Meta is facing copyright lawsuits allegedly using copyrighted works to train its artificial intelligence (AI) models. The lawsuit was filed by multiple complainants, including several best-selling authors. The main allegation against the tech giant is that it uses pirated e-books and articles to train older versions of its Llama AI model in violation of copyright laws. Additionally, the documents accuse company CEO Mark Zuckerberg of allowing its Llama AI team to tilt rough link aggregators to access copyrighted materials.
The information comes from two separate documents filed Wednesday in the U.S. District Court for the Northern District of California. The documents came from complainants such as authors Sarah Silverman and Ta-Nehisi Coates, highlighting testimony provided by Meta in late 2024 and finding Zuckerberg ) Allows training of Llama AI models using a dataset called Libgen.

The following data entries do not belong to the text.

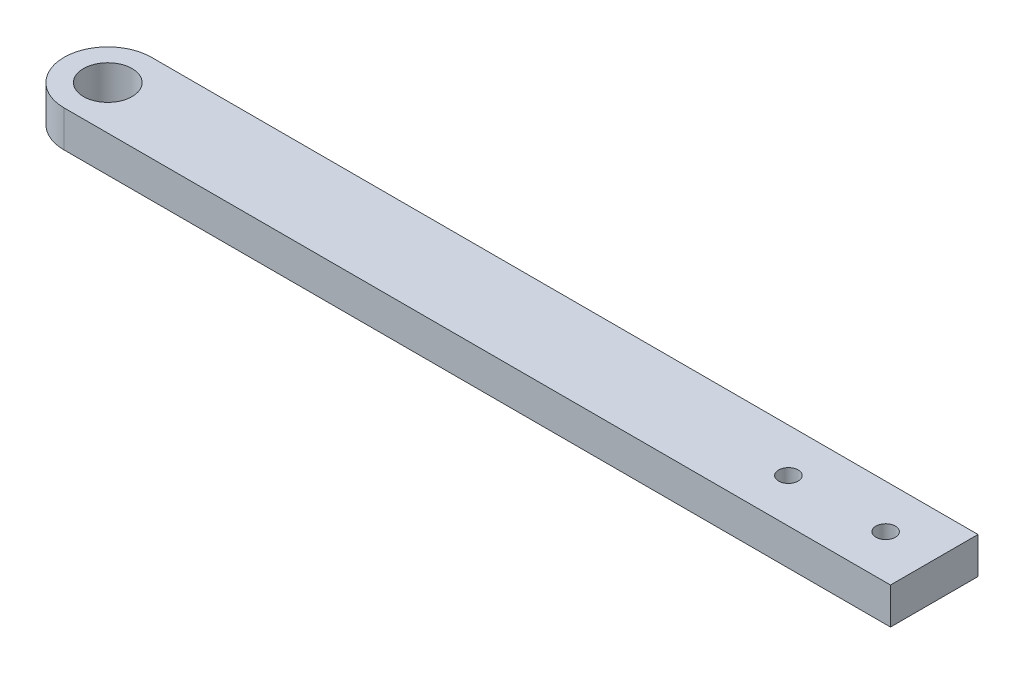
ISO-10303-21;
HEADER;
FILE_DESCRIPTION(('STEP AP214'),'2;1');
FILE_NAME('part.step','',(''),(''),'','','');
FILE_SCHEMA(('AUTOMOTIVE_DESIGN { 1 0 10303 214 1 1 1 1 }'));
ENDSEC;
DATA;
#1=APPLICATION_CONTEXT('core data for automotive mechanical design processes');
#2=APPLICATION_PROTOCOL_DEFINITION('international standard','automotive_design',2000,#1);
#3=PRODUCT_CONTEXT('',#1,'mechanical');
#4=PRODUCT('Part','Part','',(#3));
#5=PRODUCT_RELATED_PRODUCT_CATEGORY('part','',(#4));
#6=PRODUCT_DEFINITION_FORMATION('','',#4);
#7=PRODUCT_DEFINITION_CONTEXT('part definition',#1,'design');
#8=PRODUCT_DEFINITION('design','',#6,#7);
#9=PRODUCT_DEFINITION_SHAPE('','',#8);
#10=(LENGTH_UNIT() NAMED_UNIT(*) SI_UNIT(.MILLI.,.METRE.));
#11=(NAMED_UNIT(*) PLANE_ANGLE_UNIT() SI_UNIT($,.RADIAN.));
#12=(NAMED_UNIT(*) SI_UNIT($,.STERADIAN.) SOLID_ANGLE_UNIT());
#13=UNCERTAINTY_MEASURE_WITH_UNIT(LENGTH_MEASURE(1.E-05),#10,'distance_accuracy_value','');
#14=(GEOMETRIC_REPRESENTATION_CONTEXT(3) GLOBAL_UNCERTAINTY_ASSIGNED_CONTEXT((#13)) GLOBAL_UNIT_ASSIGNED_CONTEXT((#10,
#11,#12)) REPRESENTATION_CONTEXT('',''));
#15=CARTESIAN_POINT('',(0.,0.,0.));
#16=DIRECTION('',(0.,0.,1.));
#17=DIRECTION('',(1.,0.,0.));
#18=AXIS2_PLACEMENT_3D('',#15,#16,#17);
#19=CARTESIAN_POINT('',(170.,7.5,-9.));
#20=DIRECTION('',(-1.,0.,0.));
#21=DIRECTION('',(0.,0.,1.));
#22=AXIS2_PLACEMENT_3D('',#19,#20,#21);
#23=PLANE('',#22);
#24=DIRECTION('',(0.,0.,-1.));
#25=VECTOR('',#24,1.);
#26=CARTESIAN_POINT('',(170.,0.,-9.));
#27=LINE('',#26,#25);
#28=CARTESIAN_POINT('',(170.,0.,9.));
#29=VERTEX_POINT('',#28);
#30=CARTESIAN_POINT('',(170.,0.,-9.));
#31=VERTEX_POINT('',#30);
#32=EDGE_CURVE('E113',#29,#31,#27,.T.);
#33=ORIENTED_EDGE('',*,*,#32,.T.);
#34=DIRECTION('',(0.,-1.,0.));
#35=VECTOR('',#34,1.);
#36=CARTESIAN_POINT('',(170.,7.5,-9.));
#37=LINE('',#36,#35);
#38=CARTESIAN_POINT('',(170.,7.5,-9.));
#39=VERTEX_POINT('',#38);
#40=EDGE_CURVE('E11',#39,#31,#37,.T.);
#41=ORIENTED_EDGE('',*,*,#40,.F.);
#42=DIRECTION('',(0.,0.,-1.));
#43=VECTOR('',#42,1.);
#44=CARTESIAN_POINT('',(170.,7.5,-9.));
#45=LINE('',#44,#43);
#46=CARTESIAN_POINT('',(170.,7.5,9.));
#47=VERTEX_POINT('',#46);
#48=EDGE_CURVE('E97',#47,#39,#45,.T.);
#49=ORIENTED_EDGE('',*,*,#48,.F.);
#50=DIRECTION('',(0.,-1.,0.));
#51=VECTOR('',#50,1.);
#52=CARTESIAN_POINT('',(170.,7.5,9.));
#53=LINE('',#52,#51);
#54=EDGE_CURVE('E109',#47,#29,#53,.T.);
#55=ORIENTED_EDGE('',*,*,#54,.T.);
#56=EDGE_LOOP('',(#33,#41,#49,#55));
#57=FACE_BOUND('',#56,.T.);
#58=ADVANCED_FACE('F45',(#57),#23,.F.);
#59=CARTESIAN_POINT('',(0.,7.5,-9.));
#60=DIRECTION('',(0.,0.,1.));
#61=DIRECTION('',(1.,0.,0.));
#62=AXIS2_PLACEMENT_3D('',#59,#60,#61);
#63=PLANE('',#62);
#64=DIRECTION('',(-1.,0.,0.));
#65=VECTOR('',#64,1.);
#66=CARTESIAN_POINT('',(0.,0.,-9.));
#67=LINE('',#66,#65);
#68=CARTESIAN_POINT('',(0.,0.,-9.));
#69=VERTEX_POINT('',#68);
#70=EDGE_CURVE('E102',#31,#69,#67,.T.);
#71=ORIENTED_EDGE('',*,*,#70,.T.);
#72=DIRECTION('',(0.,-1.,0.));
#73=VECTOR('',#72,1.);
#74=CARTESIAN_POINT('',(0.,7.5,-9.));
#75=LINE('',#74,#73);
#76=CARTESIAN_POINT('',(0.,7.5,-9.));
#77=VERTEX_POINT('',#76);
#78=EDGE_CURVE('E54',#77,#69,#75,.T.);
#79=ORIENTED_EDGE('',*,*,#78,.F.);
#80=DIRECTION('',(-1.,0.,0.));
#81=VECTOR('',#80,1.);
#82=CARTESIAN_POINT('',(0.,7.5,-9.));
#83=LINE('',#82,#81);
#84=EDGE_CURVE('E92',#39,#77,#83,.T.);
#85=ORIENTED_EDGE('',*,*,#84,.F.);
#86=ORIENTED_EDGE('',*,*,#40,.T.);
#87=EDGE_LOOP('',(#71,#79,#85,#86));
#88=FACE_BOUND('',#87,.T.);
#89=ADVANCED_FACE('F101',(#88),#63,.F.);
#90=CARTESIAN_POINT('',(0.,7.5,0.));
#91=DIRECTION('',(0.,-1.,0.));
#92=DIRECTION('',(0.,0.,-1.));
#93=AXIS2_PLACEMENT_3D('',#90,#91,#92);
#94=CYLINDRICAL_SURFACE('',#93,9.);
#95=CARTESIAN_POINT('',(0.,0.,0.));
#96=DIRECTION('',(0.,1.,0.));
#97=DIRECTION('',(0.,0.,1.));
#98=AXIS2_PLACEMENT_3D('',#95,#96,#97);
#99=CIRCLE('',#98,9.);
#100=CARTESIAN_POINT('',(0.,0.,9.));
#101=VERTEX_POINT('',#100);
#102=EDGE_CURVE('E79',#69,#101,#99,.T.);
#103=ORIENTED_EDGE('',*,*,#102,.T.);
#104=DIRECTION('',(0.,-1.,0.));
#105=VECTOR('',#104,1.);
#106=CARTESIAN_POINT('',(0.,7.5,9.));
#107=LINE('',#106,#105);
#108=CARTESIAN_POINT('',(0.,7.5,9.));
#109=VERTEX_POINT('',#108);
#110=EDGE_CURVE('E104',#109,#101,#107,.T.);
#111=ORIENTED_EDGE('',*,*,#110,.F.);
#112=CARTESIAN_POINT('',(0.,7.5,0.));
#113=DIRECTION('',(0.,1.,0.));
#114=DIRECTION('',(0.,0.,1.));
#115=AXIS2_PLACEMENT_3D('',#112,#113,#114);
#116=CIRCLE('',#115,9.);
#117=EDGE_CURVE('E95',#77,#109,#116,.T.);
#118=ORIENTED_EDGE('',*,*,#117,.F.);
#119=ORIENTED_EDGE('',*,*,#78,.T.);
#120=EDGE_LOOP('',(#103,#111,#118,#119));
#121=FACE_BOUND('',#120,.T.);
#122=ADVANCED_FACE('F105',(#121),#94,.T.);
#123=CARTESIAN_POINT('',(170.,7.5,9.));
#124=DIRECTION('',(0.,0.,-1.));
#125=DIRECTION('',(-1.,0.,0.));
#126=AXIS2_PLACEMENT_3D('',#123,#124,#125);
#127=PLANE('',#126);
#128=DIRECTION('',(1.,0.,0.));
#129=VECTOR('',#128,1.);
#130=CARTESIAN_POINT('',(170.,0.,9.));
#131=LINE('',#130,#129);
#132=EDGE_CURVE('E85',#101,#29,#131,.T.);
#133=ORIENTED_EDGE('',*,*,#132,.T.);
#134=ORIENTED_EDGE('',*,*,#54,.F.);
#135=DIRECTION('',(1.,0.,0.));
#136=VECTOR('',#135,1.);
#137=CARTESIAN_POINT('',(170.,7.5,9.));
#138=LINE('',#137,#136);
#139=EDGE_CURVE('E62',#109,#47,#138,.T.);
#140=ORIENTED_EDGE('',*,*,#139,.F.);
#141=ORIENTED_EDGE('',*,*,#110,.T.);
#142=EDGE_LOOP('',(#133,#134,#140,#141));
#143=FACE_BOUND('',#142,.T.);
#144=ADVANCED_FACE('F127',(#143),#127,.F.);
#145=CARTESIAN_POINT('',(0.,7.5,0.));
#146=DIRECTION('',(0.,1.,0.));
#147=DIRECTION('',(0.,0.,1.));
#148=AXIS2_PLACEMENT_3D('',#145,#146,#147);
#149=PLANE('',#148);
#150=CARTESIAN_POINT('',(0.,7.5,0.));
#151=DIRECTION('',(0.,1.,0.));
#152=DIRECTION('',(0.,0.,1.));
#153=AXIS2_PLACEMENT_3D('',#150,#151,#152);
#154=CIRCLE('',#153,5.);
#155=CARTESIAN_POINT('',(0.,7.5,5.));
#156=VERTEX_POINT('',#155);
#157=EDGE_CURVE('E150',#156,#156,#154,.T.);
#158=ORIENTED_EDGE('',*,*,#157,.F.);
#159=EDGE_LOOP('',(#158));
#160=FACE_BOUND('',#159,.T.);
#161=CARTESIAN_POINT('',(160.,7.5,0.));
#162=DIRECTION('',(0.,1.,0.));
#163=DIRECTION('',(0.,0.,1.));
#164=AXIS2_PLACEMENT_3D('',#161,#162,#163);
#165=CIRCLE('',#164,2.);
#166=CARTESIAN_POINT('',(160.,7.5,2.));
#167=VERTEX_POINT('',#166);
#168=EDGE_CURVE('E146',#167,#167,#165,.T.);
#169=ORIENTED_EDGE('',*,*,#168,.F.);
#170=EDGE_LOOP('',(#169));
#171=FACE_BOUND('',#170,.T.);
#172=CARTESIAN_POINT('',(140.,7.5,0.));
#173=DIRECTION('',(0.,1.,0.));
#174=DIRECTION('',(0.,0.,1.));
#175=AXIS2_PLACEMENT_3D('',#172,#173,#174);
#176=CIRCLE('',#175,2.);
#177=CARTESIAN_POINT('',(140.,7.5,2.));
#178=VERTEX_POINT('',#177);
#179=EDGE_CURVE('E138',#178,#178,#176,.T.);
#180=ORIENTED_EDGE('',*,*,#179,.F.);
#181=EDGE_LOOP('',(#180));
#182=FACE_BOUND('',#181,.T.);
#183=ORIENTED_EDGE('',*,*,#48,.T.);
#184=ORIENTED_EDGE('',*,*,#84,.T.);
#185=ORIENTED_EDGE('',*,*,#117,.T.);
#186=ORIENTED_EDGE('',*,*,#139,.T.);
#187=EDGE_LOOP('',(#183,#184,#185,#186));
#188=FACE_BOUND('',#187,.T.);
#189=ADVANCED_FACE('F93',(#160,#171,#182,#188),#149,.T.);
#190=CARTESIAN_POINT('',(0.,0.,0.));
#191=DIRECTION('',(0.,1.,0.));
#192=DIRECTION('',(0.,0.,1.));
#193=AXIS2_PLACEMENT_3D('',#190,#191,#192);
#194=PLANE('',#193);
#195=CARTESIAN_POINT('',(0.,0.,0.));
#196=DIRECTION('',(0.,1.,0.));
#197=DIRECTION('',(0.,0.,1.));
#198=AXIS2_PLACEMENT_3D('',#195,#196,#197);
#199=CIRCLE('',#198,5.);
#200=CARTESIAN_POINT('',(0.,0.,5.));
#201=VERTEX_POINT('',#200);
#202=EDGE_CURVE('E117',#201,#201,#199,.T.);
#203=ORIENTED_EDGE('',*,*,#202,.T.);
#204=EDGE_LOOP('',(#203));
#205=FACE_BOUND('',#204,.T.);
#206=CARTESIAN_POINT('',(160.,0.,0.));
#207=DIRECTION('',(0.,1.,0.));
#208=DIRECTION('',(0.,0.,1.));
#209=AXIS2_PLACEMENT_3D('',#206,#207,#208);
#210=CIRCLE('',#209,2.);
#211=CARTESIAN_POINT('',(160.,0.,2.));
#212=VERTEX_POINT('',#211);
#213=EDGE_CURVE('E142',#212,#212,#210,.T.);
#214=ORIENTED_EDGE('',*,*,#213,.T.);
#215=EDGE_LOOP('',(#214));
#216=FACE_BOUND('',#215,.T.);
#217=CARTESIAN_POINT('',(140.,0.,0.));
#218=DIRECTION('',(0.,1.,0.));
#219=DIRECTION('',(0.,0.,1.));
#220=AXIS2_PLACEMENT_3D('',#217,#218,#219);
#221=CIRCLE('',#220,2.);
#222=CARTESIAN_POINT('',(140.,0.,2.));
#223=VERTEX_POINT('',#222);
#224=EDGE_CURVE('E134',#223,#223,#221,.T.);
#225=ORIENTED_EDGE('',*,*,#224,.T.);
#226=EDGE_LOOP('',(#225));
#227=FACE_BOUND('',#226,.T.);
#228=ORIENTED_EDGE('',*,*,#32,.F.);
#229=ORIENTED_EDGE('',*,*,#132,.F.);
#230=ORIENTED_EDGE('',*,*,#102,.F.);
#231=ORIENTED_EDGE('',*,*,#70,.F.);
#232=EDGE_LOOP('',(#228,#229,#230,#231));
#233=FACE_BOUND('',#232,.T.);
#234=ADVANCED_FACE('F130',(#205,#216,#227,#233),#194,.F.);
#235=CARTESIAN_POINT('',(140.,0.,0.));
#236=DIRECTION('',(0.,1.,0.));
#237=DIRECTION('',(0.,0.,1.));
#238=AXIS2_PLACEMENT_3D('',#235,#236,#237);
#239=CYLINDRICAL_SURFACE('',#238,2.);
#240=ORIENTED_EDGE('',*,*,#224,.F.);
#241=EDGE_LOOP('',(#240));
#242=FACE_BOUND('',#241,.T.);
#243=ORIENTED_EDGE('',*,*,#179,.T.);
#244=EDGE_LOOP('',(#243));
#245=FACE_BOUND('',#244,.T.);
#246=ADVANCED_FACE('F174',(#242,#245),#239,.F.);
#247=CARTESIAN_POINT('',(160.,0.,0.));
#248=DIRECTION('',(0.,1.,0.));
#249=DIRECTION('',(0.,0.,1.));
#250=AXIS2_PLACEMENT_3D('',#247,#248,#249);
#251=CYLINDRICAL_SURFACE('',#250,2.);
#252=ORIENTED_EDGE('',*,*,#213,.F.);
#253=EDGE_LOOP('',(#252));
#254=FACE_BOUND('',#253,.T.);
#255=ORIENTED_EDGE('',*,*,#168,.T.);
#256=EDGE_LOOP('',(#255));
#257=FACE_BOUND('',#256,.T.);
#258=ADVANCED_FACE('F163',(#254,#257),#251,.F.);
#259=CARTESIAN_POINT('',(0.,0.,0.));
#260=DIRECTION('',(0.,1.,0.));
#261=DIRECTION('',(0.,0.,1.));
#262=AXIS2_PLACEMENT_3D('',#259,#260,#261);
#263=CYLINDRICAL_SURFACE('',#262,5.);
#264=ORIENTED_EDGE('',*,*,#202,.F.);
#265=EDGE_LOOP('',(#264));
#266=FACE_BOUND('',#265,.T.);
#267=ORIENTED_EDGE('',*,*,#157,.T.);
#268=EDGE_LOOP('',(#267));
#269=FACE_BOUND('',#268,.T.);
#270=ADVANCED_FACE('F160',(#266,#269),#263,.F.);
#271=CLOSED_SHELL('',(#58,#89,#122,#144,#189,#234,#246,#258,#270));
#272=MANIFOLD_SOLID_BREP('B2',#271);
#273=ADVANCED_BREP_SHAPE_REPRESENTATION('',(#18,#272),#14);
#274=SHAPE_DEFINITION_REPRESENTATION(#9,#273);
ENDSEC;
END-ISO-10303-21;

It is worth noting that Libgen (the abbreviation of Library Genesis) is a file sharing platform that provides free access to academic and general interest content. Many people think it is a pirate library because it has access to copyrighted works that could otherwise be available behind a paywall or not digitalized at all. The platform faces several lawsuits that have been ordered to close in the past.
The document claims that Meta used the Libgen dataset while fully understanding that it had misappropriated content and violated copyright laws. The document also cites a memorandum of Meta’s AI decision-makers, which after “upgraded to MZ”, the AI team at Meta was “approved to use Libgen”. Here, MZ is the shorthand for the name of the Chief Executive Officer.
Additionally, the memorandum mentioned that executives were warned that public knowledge about using “data sets we know we are going to be pirated (such as Libgen)” could undermine its negotiated position with regulators. The social media giant has also been accused of stripping copyright information from dataset text and metadata to cover up its infringement.
According to the document, Nikolay Bashlykov, a research engineer working in the META AI department, allegedly deleted copyright information from the Libgen dataset. To further hide the so-called dataset “Meta programmers also include “supervised samples” data samples when fine-tuning Llama to ensure that Llama’s output will include fewer crimes when answering hints about Meta AI training data sources Answer,” .
In addition, the complainant also claimed that Meta involved another copyright infringement through access to Libgen only. The document claims the tech giant torrented the Libgen dataset. The process of using torrents involves downloading and uploading (also known as seeds) content. The documents state that the uploading process can be regarded as the distribution of copyrighted materials and constitutes an illegal act.
“If Meta purchased the plaintiff’s work in a bookstore, or borrowed them from the library and trained its Llama model without a license, it would assume copyright infringement. Meta decided to bypass legal acquisition The decision to become aware participant in the Illegal Torrent Network established the CDAFA (California Integrated Computer Data Access and Fraud Act) and serves as proof of copyright infringement.”
At present, copyright litigation has been opened and the ruling is under trial. Meta has not yet made its arguments, which may be based on fair usage. The court will have to decide whether the generational capacity of AI models can be viewed as sufficient change to verify the argument.